• WHAT THE EXERCISE ASKS: Stop at the line containing "In plain terms, the": write out every line from the beginning of the entries up to and including it, minus the pictures.

= = = = = = =

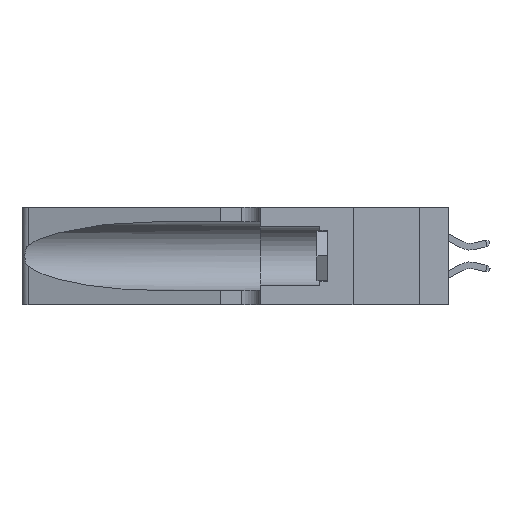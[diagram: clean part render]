
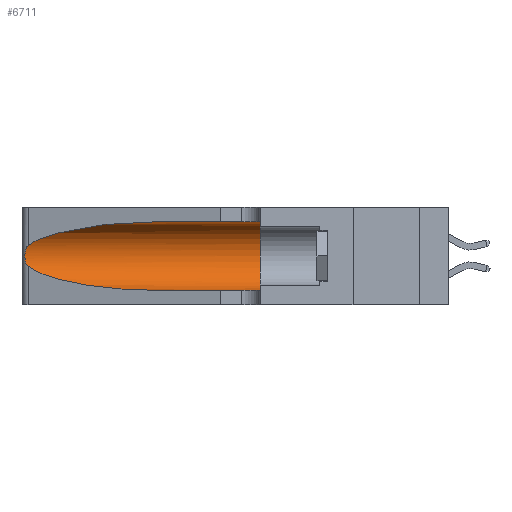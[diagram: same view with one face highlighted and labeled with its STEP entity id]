
A CAD part, left-side view. The second image highlights one B-rep face of the part: STEP entity #6711.
In plain terms, the highlighted cylindrical face has radius 3.308 mm (diameter 6.617 mm), a partial arc.
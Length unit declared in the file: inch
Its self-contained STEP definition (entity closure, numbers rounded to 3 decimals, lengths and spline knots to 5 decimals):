
#255 = CARTESIAN_POINT ( 'NONE',  ( 0.25856, 1.23593, 0.16098 ) ) ;
#392 = VERTEX_POINT ( 'NONE', #905 ) ;
#795 = CARTESIAN_POINT ( 'NONE',  ( 0.25487, 1.22718, 0.14631 ) ) ;
#905 = CARTESIAN_POINT ( 'NONE',  ( 0.1305, 0.72297, 0.31525 ) ) ;
#948 = CARTESIAN_POINT ( 'NONE',  ( 0.25487, 1.22718, 0.22369 ) ) ;
#1080 = VERTEX_POINT ( 'NONE', #948 ) ;
#1245 = CARTESIAN_POINT ( 'NONE',  ( 0.1305, 0.35, 0.185 ) ) ;
#1389 = CARTESIAN_POINT ( 'NONE',  ( 0.25487, 1.22718, 0.22369 ) ) ;
#1565 = DIRECTION ( 'NONE',  ( 0., -1., 0. ) ) ;
#1662 = EDGE_CURVE ( 'NONE', #11336, #3571, #5757, .T. ) ;
#2048 = CARTESIAN_POINT ( 'NONE',  ( 0.25487, 1.22718, 0.14631 ) ) ;
#2147 = CARTESIAN_POINT ( 'NONE',  ( 0.26017, 1.23833, 0.17102 ) ) ;
#2206 = EDGE_CURVE ( 'NONE', #1080, #11336, #5184, .T. ) ;
#2826 = DIRECTION ( 'NONE',  ( 0., 0., 1. ) ) ;
#2957 = VERTEX_POINT ( 'NONE', #11534 ) ;
#3148 = AXIS2_PLACEMENT_3D ( 'NONE', #10732, #1565, #15410 ) ;
#3571 = VERTEX_POINT ( 'NONE', #14887 ) ;
#3742 = EDGE_LOOP ( 'NONE', ( #17306, #6124, #10602, #7085, #14876, #19069 ) ) ;
#3912 = CARTESIAN_POINT ( 'NONE',  ( 0.26075, 1.23896, 0.19203 ) ) ;
#3920 =( BOUNDED_CURVE ( )  B_SPLINE_CURVE ( 3, ( #13911, #9518, #15333, #6550 ),
 .UNSPECIFIED., .F., .F. ) 
 B_SPLINE_CURVE_WITH_KNOTS ( ( 4, 4 ),
 ( 1.5708, 2.84003 ),
 .UNSPECIFIED. ) 
 CURVE ( )  GEOMETRIC_REPRESENTATION_ITEM ( )  RATIONAL_B_SPLINE_CURVE ( ( 1., 0.87, 0.87, 1. ) ) 
 REPRESENTATION_ITEM ( '' )  );
#3932 = EDGE_CURVE ( 'NONE', #9389, #2957, #11291, .T. ) ;
#3942 = CARTESIAN_POINT ( 'NONE',  ( 0.26075, 1.23896, 0.178 ) ) ;
#4095 = VECTOR ( 'NONE', #9378, 39.37008 ) ;
#4423 = CARTESIAN_POINT ( 'NONE',  ( 0.25854, 1.2359, 0.20912 ) ) ;
#4918 = CARTESIAN_POINT ( 'NONE',  ( 0.25555, 1.22993, 0.14849 ) ) ;
#5184 = B_SPLINE_CURVE_WITH_KNOTS ( 'NONE', 3,
 ( #1389, #6533, #13001, #12995, #4423, #12617, #3912, #3942, #2147, #255, #11154, #11822, #4918, #2048 ),
 .UNSPECIFIED., .F., .F.,
 ( 4, 2, 2, 2, 2, 2, 4 ),
 ( 0., 0.00027, 0.00053, 0.00107, 0.0016, 0.00187, 0.00214 ),
 .UNSPECIFIED. ) ;
#5520 = CARTESIAN_POINT ( 'NONE',  ( 0.1305, 1.61858, 0.31525 ) ) ;
#5702 = LINE ( 'NONE', #5520, #9255 ) ;
#5757 =( BOUNDED_CURVE ( )  B_SPLINE_CURVE ( 3, ( #14005, #10388, #6104, #19072 ),
 .UNSPECIFIED., .F., .F. ) 
 B_SPLINE_CURVE_WITH_KNOTS ( ( 4, 4 ),
 ( 3.44316, 4.71239 ),
 .UNSPECIFIED. ) 
 CURVE ( )  GEOMETRIC_REPRESENTATION_ITEM ( )  RATIONAL_B_SPLINE_CURVE ( ( 1., 0.87, 0.87, 1. ) ) 
 REPRESENTATION_ITEM ( '' )  );
#6104 = CARTESIAN_POINT ( 'NONE',  ( 0.18966, 0.96281, 0.05475 ) ) ;
#6117 = EDGE_CURVE ( 'NONE', #392, #1080, #3920, .T. ) ;
#6124 = ORIENTED_EDGE ( 'NONE', *, *, #2206, .T. ) ;
#6531 = FACE_OUTER_BOUND ( 'NONE', #3742, .T. ) ;
#6533 = CARTESIAN_POINT ( 'NONE',  ( 0.25555, 1.22994, 0.2215 ) ) ;
#6550 = CARTESIAN_POINT ( 'NONE',  ( 0.25487, 1.22718, 0.22369 ) ) ;
#6711 = ADVANCED_FACE ( 'NONE', ( #6531 ), #13934, .F. ) ;
#7048 = DIRECTION ( 'NONE',  ( 0., -1., 0. ) ) ;
#7085 = ORIENTED_EDGE ( 'NONE', *, *, #7779, .T. ) ;
#7779 = EDGE_CURVE ( 'NONE', #3571, #2957, #8155, .T. ) ;
#7930 = CARTESIAN_POINT ( 'NONE',  ( 0.1305, 1.61858, 0.05475 ) ) ;
#8155 = LINE ( 'NONE', #7930, #4095 ) ;
#9255 = VECTOR ( 'NONE', #7048, 39.37008 ) ;
#9378 = DIRECTION ( 'NONE',  ( 0., -1., 0. ) ) ;
#9389 = VERTEX_POINT ( 'NONE', #17192 ) ;
#9518 = CARTESIAN_POINT ( 'NONE',  ( 0.18966, 0.96281, 0.31525 ) ) ;
#10388 = CARTESIAN_POINT ( 'NONE',  ( 0.2373, 1.15595, 0.08982 ) ) ;
#10602 = ORIENTED_EDGE ( 'NONE', *, *, #1662, .T. ) ;
#10732 = CARTESIAN_POINT ( 'NONE',  ( 0.1305, 1.61858, 0.185 ) ) ;
#11154 = CARTESIAN_POINT ( 'NONE',  ( 0.25789, 1.23486, 0.15765 ) ) ;
#11291 = CIRCLE ( 'NONE', #18976, 0.13025 ) ;
#11336 = VERTEX_POINT ( 'NONE', #795 ) ;
#11534 = CARTESIAN_POINT ( 'NONE',  ( 0.1305, 0.35, 0.05475 ) ) ;
#11822 = CARTESIAN_POINT ( 'NONE',  ( 0.25639, 1.23186, 0.15144 ) ) ;
#11940 = DIRECTION ( 'NONE',  ( 0., 1., 0. ) ) ;
#12617 = CARTESIAN_POINT ( 'NONE',  ( 0.26018, 1.23835, 0.19895 ) ) ;
#12995 = CARTESIAN_POINT ( 'NONE',  ( 0.25787, 1.23484, 0.2124 ) ) ;
#13001 = CARTESIAN_POINT ( 'NONE',  ( 0.25639, 1.23184, 0.21858 ) ) ;
#13911 = CARTESIAN_POINT ( 'NONE',  ( 0.1305, 0.72297, 0.31525 ) ) ;
#13934 = CYLINDRICAL_SURFACE ( 'NONE', #3148, 0.13025 ) ;
#14005 = CARTESIAN_POINT ( 'NONE',  ( 0.25487, 1.22718, 0.14631 ) ) ;
#14876 = ORIENTED_EDGE ( 'NONE', *, *, #3932, .F. ) ;
#14887 = CARTESIAN_POINT ( 'NONE',  ( 0.1305, 0.72297, 0.05475 ) ) ;
#15333 = CARTESIAN_POINT ( 'NONE',  ( 0.2373, 1.15595, 0.28018 ) ) ;
#15410 = DIRECTION ( 'NONE',  ( 0., 0., -1. ) ) ;
#17192 = CARTESIAN_POINT ( 'NONE',  ( 0.1305, 0.35, 0.31525 ) ) ;
#17306 = ORIENTED_EDGE ( 'NONE', *, *, #6117, .T. ) ;
#17472 = EDGE_CURVE ( 'NONE', #392, #9389, #5702, .T. ) ;
#18976 = AXIS2_PLACEMENT_3D ( 'NONE', #1245, #11940, #2826 ) ;
#19069 = ORIENTED_EDGE ( 'NONE', *, *, #17472, .F. ) ;
#19072 = CARTESIAN_POINT ( 'NONE',  ( 0.1305, 0.72297, 0.05475 ) ) ;

= = = = = = =

• REPLY:
[diagram: clean part render]
[diagram: same view with one face highlighted and labeled with its STEP entity id]
A CAD part, left-side view. The second image highlights one B-rep face of the part: STEP entity #6711.
In plain terms, the highlighted cylindrical face has radius 3.308 mm (diameter 6.617 mm), a partial arc.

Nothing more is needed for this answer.